(Items from a data source)
---+---

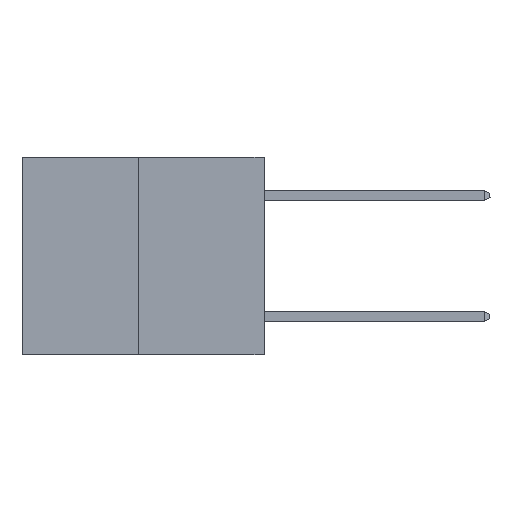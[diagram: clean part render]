
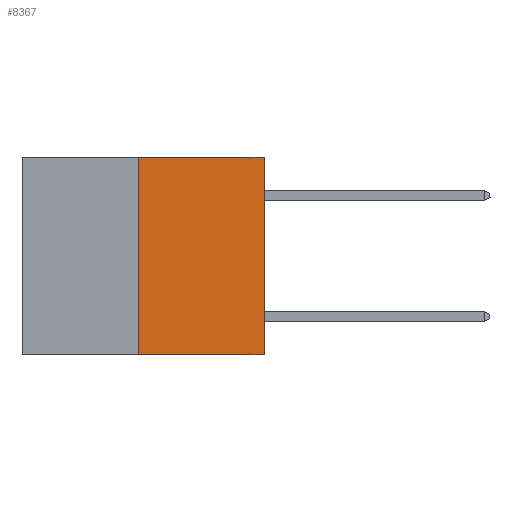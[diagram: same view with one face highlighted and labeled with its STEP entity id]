
A CAD part, left-side view. The second image highlights one B-rep face of the part: STEP entity #8367.
In plain terms, the highlighted planar face has unit normal (-1, 0, 0).
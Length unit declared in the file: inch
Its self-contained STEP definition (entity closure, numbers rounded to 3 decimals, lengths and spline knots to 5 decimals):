
#594 = EDGE_CURVE ( 'NONE', #4165, #2931, #10015, .T. ) ;
#640 = FACE_OUTER_BOUND ( 'NONE', #17878, .T. ) ;
#1296 = CARTESIAN_POINT ( 'NONE',  ( 0., 0., -0.49 ) ) ;
#2931 = VERTEX_POINT ( 'NONE', #1296 ) ;
#3265 = CARTESIAN_POINT ( 'NONE',  ( 0., 0.6, 0. ) ) ;
#3609 = CARTESIAN_POINT ( 'NONE',  ( 0., 0.312, 0. ) ) ;
#4165 = VERTEX_POINT ( 'NONE', #17690 ) ;
#4404 = CARTESIAN_POINT ( 'NONE',  ( 0., 0., 0. ) ) ;
#4466 = VERTEX_POINT ( 'NONE', #3609 ) ;
#5605 = EDGE_CURVE ( 'NONE', #4165, #4466, #20164, .T. ) ;
#6563 = EDGE_CURVE ( 'NONE', #2931, #7407, #11318, .T. ) ;
#7407 = VERTEX_POINT ( 'NONE', #10352 ) ;
#7793 = ORIENTED_EDGE ( 'NONE', *, *, #594, .T. ) ;
#7888 = DIRECTION ( 'NONE',  ( 0., 0., -1. ) ) ;
#8367 = ADVANCED_FACE ( 'NONE', ( #640 ), #21743, .F. ) ;
#10015 = LINE ( 'NONE', #15088, #21000 ) ;
#10352 = CARTESIAN_POINT ( 'NONE',  ( 0., 0., 0. ) ) ;
#10935 = DIRECTION ( 'NONE',  ( 0., -1., 0. ) ) ;
#10959 = AXIS2_PLACEMENT_3D ( 'NONE', #12880, #16325, #7888 ) ;
#11318 = LINE ( 'NONE', #4404, #22564 ) ;
#12829 = ORIENTED_EDGE ( 'NONE', *, *, #6563, .T. ) ;
#12880 = CARTESIAN_POINT ( 'NONE',  ( 0., 0.6, 0. ) ) ;
#12964 = DIRECTION ( 'NONE',  ( 0., 0., 1. ) ) ;
#13184 = EDGE_CURVE ( 'NONE', #4466, #7407, #21835, .T. ) ;
#15088 = CARTESIAN_POINT ( 'NONE',  ( 0., 0.6, -0.49 ) ) ;
#15520 = VECTOR ( 'NONE', #18948, 39.37008 ) ;
#16325 = DIRECTION ( 'NONE',  ( 1., 0., 0. ) ) ;
#17457 = VECTOR ( 'NONE', #20747, 39.37008 ) ;
#17573 = ORIENTED_EDGE ( 'NONE', *, *, #13184, .F. ) ;
#17690 = CARTESIAN_POINT ( 'NONE',  ( 0., 0.312, -0.49 ) ) ;
#17878 = EDGE_LOOP ( 'NONE', ( #19552, #7793, #12829, #17573 ) ) ;
#18948 = DIRECTION ( 'NONE',  ( 0., 0., 1. ) ) ;
#19104 = CARTESIAN_POINT ( 'NONE',  ( 0., 0.312, -0.49 ) ) ;
#19552 = ORIENTED_EDGE ( 'NONE', *, *, #5605, .F. ) ;
#20164 = LINE ( 'NONE', #19104, #15520 ) ;
#20747 = DIRECTION ( 'NONE',  ( 0., -1., 0. ) ) ;
#21000 = VECTOR ( 'NONE', #10935, 39.37008 ) ;
#21743 = PLANE ( 'NONE',  #10959 ) ;
#21835 = LINE ( 'NONE', #3265, #17457 ) ;
#22564 = VECTOR ( 'NONE', #12964, 39.37008 ) ;

---+---

PROBLEM STATEMENT
Print all records verbatim, excluding pictures.

ANSWER BOX
[diagram: clean part render]
[diagram: same view with one face highlighted and labeled with its STEP entity id]
A CAD part, left-side view. The second image highlights one B-rep face of the part: STEP entity #8367.
In plain terms, the highlighted planar face has unit normal (-1, 0, 0).
Length unit declared in the file: inch
Its self-contained STEP definition (entity closure, numbers rounded to 3 decimals, lengths and spline knots to 5 decimals):
#594 = EDGE_CURVE ( 'NONE', #4165, #2931, #10015, .T. ) ;
#640 = FACE_OUTER_BOUND ( 'NONE', #17878, .T. ) ;
#1296 = CARTESIAN_POINT ( 'NONE',  ( 0., 0., -0.49 ) ) ;
#2931 = VERTEX_POINT ( 'NONE', #1296 ) ;
#3265 = CARTESIAN_POINT ( 'NONE',  ( 0., 0.6, 0. ) ) ;
#3609 = CARTESIAN_POINT ( 'NONE',  ( 0., 0.312, 0. ) ) ;
#4165 = VERTEX_POINT ( 'NONE', #17690 ) ;
#4404 = CARTESIAN_POINT ( 'NONE',  ( 0., 0., 0. ) ) ;
#4466 = VERTEX_POINT ( 'NONE', #3609 ) ;
#5605 = EDGE_CURVE ( 'NONE', #4165, #4466, #20164, .T. ) ;
#6563 = EDGE_CURVE ( 'NONE', #2931, #7407, #11318, .T. ) ;
#7407 = VERTEX_POINT ( 'NONE', #10352 ) ;
#7793 = ORIENTED_EDGE ( 'NONE', *, *, #594, .T. ) ;
#7888 = DIRECTION ( 'NONE',  ( 0., 0., -1. ) ) ;
#8367 = ADVANCED_FACE ( 'NONE', ( #640 ), #21743, .F. ) ;
#10015 = LINE ( 'NONE', #15088, #21000 ) ;
#10352 = CARTESIAN_POINT ( 'NONE',  ( 0., 0., 0. ) ) ;
#10935 = DIRECTION ( 'NONE',  ( 0., -1., 0. ) ) ;
#10959 = AXIS2_PLACEMENT_3D ( 'NONE', #12880, #16325, #7888 ) ;
#11318 = LINE ( 'NONE', #4404, #22564 ) ;
#12829 = ORIENTED_EDGE ( 'NONE', *, *, #6563, .T. ) ;
#12880 = CARTESIAN_POINT ( 'NONE',  ( 0., 0.6, 0. ) ) ;
#12964 = DIRECTION ( 'NONE',  ( 0., 0., 1. ) ) ;
#13184 = EDGE_CURVE ( 'NONE', #4466, #7407, #21835, .T. ) ;
#15088 = CARTESIAN_POINT ( 'NONE',  ( 0., 0.6, -0.49 ) ) ;
#15520 = VECTOR ( 'NONE', #18948, 39.37008 ) ;
#16325 = DIRECTION ( 'NONE',  ( 1., 0., 0. ) ) ;
#17457 = VECTOR ( 'NONE', #20747, 39.37008 ) ;
#17573 = ORIENTED_EDGE ( 'NONE', *, *, #13184, .F. ) ;
#17690 = CARTESIAN_POINT ( 'NONE',  ( 0., 0.312, -0.49 ) ) ;
#17878 = EDGE_LOOP ( 'NONE', ( #19552, #7793, #12829, #17573 ) ) ;
#18948 = DIRECTION ( 'NONE',  ( 0., 0., 1. ) ) ;
#19104 = CARTESIAN_POINT ( 'NONE',  ( 0., 0.312, -0.49 ) ) ;
#19552 = ORIENTED_EDGE ( 'NONE', *, *, #5605, .F. ) ;
#20164 = LINE ( 'NONE', #19104, #15520 ) ;
#20747 = DIRECTION ( 'NONE',  ( 0., -1., 0. ) ) ;
#21000 = VECTOR ( 'NONE', #10935, 39.37008 ) ;
#21743 = PLANE ( 'NONE',  #10959 ) ;
#21835 = LINE ( 'NONE', #3265, #17457 ) ;
#22564 = VECTOR ( 'NONE', #12964, 39.37008 ) ;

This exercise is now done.